Se qualcuno avesse ancora avuto dubbi sulle caratteristiche del successore di Napolitano al Quirinale, il siciliano Sergio Mattarella, eletto con un colpo di mano dal presidente-segretario del PD Matteo Renzi prima che l’uomo di Arcore quasi se ne accorgesse e poi subito eletto dalle due Camere concordi, il discorso di ieri ha fugato i dubbi residui.

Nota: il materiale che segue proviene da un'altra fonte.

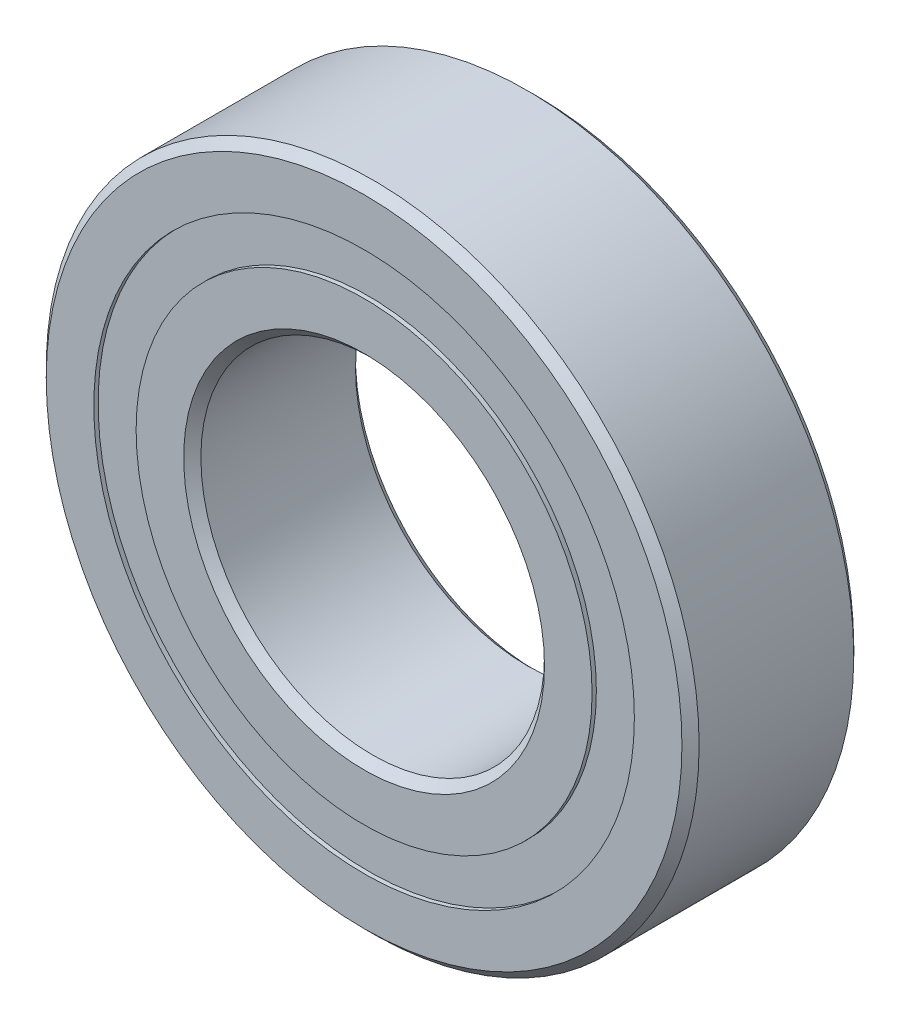
SolidWorks part; units mm, degrees
material "Alloy Steel"
ref_plane "Front Plane" through (0, 0, 0) normal (0, 0, 1) x (1, 0, 0)
ref_plane "Top Plane" through (0, 0, 0) normal (0, 1, 0) x (1, 0, 0)
ref_plane "Right Plane" through (0, 0, 0) normal (1, 0, 0) x (0, 0, -1)
sketch "Sketch1" plane through (0, 0, 0) normal (1, 0, 0) x (0, 0, -1)
  line L0 (-2.5, 0) -> (2.5, 0) construction
  line L1 (0, 9.5) -> (0, -9.5) construction
  line L2 (2.25, 9.5) -> (-2.25, 9.5)
  line L3 (-2.25, 9.5) -> (-2.5, 9.25)
  line L4 (-2.5, 9.25) -> (-2.5, 7.8654)
  line L5 (-2.5, 7.8654) -> (-1.1111, 7.8654)
  line L6 (2.5, 7.8654) -> (1.1111, 7.8654)
  line L7 (2.5, 9.25) -> (2.5, 7.8654)
  line L8 (2.25, 9.5) -> (2.5, 9.25)
  line L9 (0, 9.5) -> (0, 7.25) construction
  line L10 (0, 7.25) -> (0, 5) construction
  arc A0 (-1.1111, 7.8654) -> (1.1111, 7.8654) centre (0, 7.25) cw
  point P14 (0, 5)
  dimension "D3" = 2.2222
  dimension "D1" = 45
  dimension "Width" = 5
  dimension "OD" = 19
  dimension "D2" = 0.25
  dimension "Shaft Dia" = 10
  dimension "D4" = 0.6154
revolve "Revolve1" add sketch "Sketch1" angle 360 about L0
sketch "Sketch3" plane through (0, 0, 0) normal (1, 0, 0) x (0, 0, -1)
  line L0 (-2.5, 6.6346) -> (-1.1111, 6.6346)
  line L1 (0, 9.5) -> (0, -9.5) construction
  line L2 (-2.5, 9.25) -> (-2.5, 7.8654) construction
  line L3 (-2.5, 6.6346) -> (-2.5, 5.25)
  line L4 (-2.25, 9.5) -> (-2.5, 9.25) construction
  line L5 (-2.5, 5.25) -> (-2.25, 5)
  line L6 (-2.25, 5) -> (2.25, 5)
  line L7 (2.25, 9.5) -> (2.25, -9.5) construction
  line L8 (2.25, 5) -> (2.5, 5.25)
  line L9 (2.5, -9.25) -> (2.5, 9.25) construction
  line L10 (2.5, 5.25) -> (2.5, 6.6346)
  line L11 (2.5, 6.6346) -> (1.1111, 6.6346)
  line L13 (2.25, 9.5) -> (2.5, 9.25) construction
  arc A0 (1.1111, 7.8654) -> (-1.1111, 7.8654) centre (0, 7.25) ccw construction
  arc A1 (1.1111, 6.6346) -> (-1.1111, 6.6346) centre (0, 7.25) cw
revolve "Revolve3" add sketch "Sketch3" angle 360 about L0
sketch "Sketch4" plane through (0, 0, 0) normal (1, 0, 0) x (0, 0, -1)
  line L0 (-1.2701, 7.25) -> (1.2701, 7.25)
  arc A2 (-1.2701, 7.25) -> (1.2701, 7.25) centre (0, 7.25) cw
  arc A3 (1.1111, 7.8654) -> (-1.1111, 7.8654) centre (0, 7.25) ccw construction
revolve "Revolve4" add sketch "Sketch4" angle 360 about L0
ref_axis "Axis1" through (0, 0, -2.5) along (0, 0, 1)
pattern_circular "CirPattern1" count 12 every 30 about axis through (0, 0, -2.5) along (0, 0, 1) of bodies 104
sketch "Sketch5" plane through (0, 0, 0) normal (1, 0, 0) x (0, 0, -1)
  line L0 (-2.5, 7.8654) -> (-1.1111, 7.8654) construction
  line L1 (-2.375, 7.8654) -> (-1.2701, 7.8654)
  line L2 (-2.375, 7.8654) -> (-2.375, 6.6346)
  line L3 (-2.375, 6.6346) -> (-1.2701, 6.6346)
  line L4 (-1.2701, 7.8654) -> (-1.2701, 6.6346)
  line L5 (-2.5, 6.6346) -> (-1.1111, 6.6346) construction
  line L6 (2.5, 7.8654) -> (1.1111, 7.8654) construction
  line L7 (2.375, 7.8654) -> (1.2701, 7.8654)
  line L8 (2.375, 7.8654) -> (2.375, 6.6346)
  line L9 (2.375, 6.6346) -> (1.2701, 6.6346)
  line L10 (1.2701, 7.8654) -> (1.2701, 6.6346)
  line L11 (2.5, 6.6346) -> (1.1111, 6.6346) construction
  line L12 (-2.25, 9.5) -> (-2.5, 9.25) construction
  point P18 (-2.375, 9.375)
revolve "Revolve5" add sketch "Sketch5" angle 360 about L0
equation "\"D2@Sketch1\" = \"Width@Sketch1\"*.05"
equation "\"D3@Sketch1\" = \"Width@Sketch1\"/2.25"
equation "\"D4@Sketch1\" = (((\"OD@Sketch1\"-\"Width@Sketch1\")/2)/3.25)/3.5"
equation "\"D2@CirPattern1\" = 360/\"Balls@CirPattern1\""

Mattarella è l’opposto del leader della destra comunista, Napolitano che è stato più di tutti gli altri al Quirinale, la bellezza di nove anni. Il nuovo presidente aveva detto all’indomani dell’elezione, il 3 febbraio scorso davanti alle Camere riunite, che sarebbe stato il garante della Costituzione, un arbitro imparziale e fa di tutto per mantenere la promessa. Napolitano è stato un presidente interventista che anche di recente, finito il suo incarico, è intervenuto a difendere la discutibile legge elettorale che si chiama Italicum e che piace tanto al capo dell’attuale governo. Mattarella evita di proposito interventi del genere e si dedica piuttosto ad ammonire gli italiani su antichi e recenti problemi della penisola: dal tracollo, frutto di errori dei dirigenti e dei loro controllori, di alcune banche del Paese all’alta evasione fiscale che supera il 7 per cento e si traduce in un “furto di democrazia” nei confronti dei risparmiatori e dei cittadini onesti, all’estesa corruzione che continua ad essere presente nelle istituzioni importanti della penisola alle speranze lasciate ancora senza speranza delle nuove generazioni che si affacciano al mondo del lavoro e delle professioni, al funzionamento della giustizia che continua ad essere troppo lento e inadeguato ai bisogni della società italiana ed europea del ventunesimo secolo, all’imperversare non soltanto in Sicilia e nelle più estese regioni del Mezzogiorno come la Calabria, la Campania e la Puglia ma anche nel Nord più avanzato e industria lizzato delle quattro associazioni mafiose che devastano il tessuto civile della nostra penisola, infine alla lotta indispensabile al terrorismo internazionale (a cominciare da quello islamista) che rischia di costituire il germe-come già aveva detto Papa Francesco-di una terza guerra mondiale.
Insomma, un inventario limpido dei problemi che sono sul tappeto, un invito pressante alle istituzioni della re pubblica ad intervenire con le proprie competenze per mettere ordine nei problemi più urgenti e fare del nostro Paese sempre meglio e di più una repubblica moderna in grado di risolvere finalmente i problemi aperti e di maggiore gravità che non sono stati risolti fino a questo momento. Ma una grande attenzione a non uscire dalla propria funzione arbitrale ed esterna agli altri poteri secondo quel che dicono con grande chiarezza gli articoli dall’83 al 91 che riguardano il Capo dello Stato.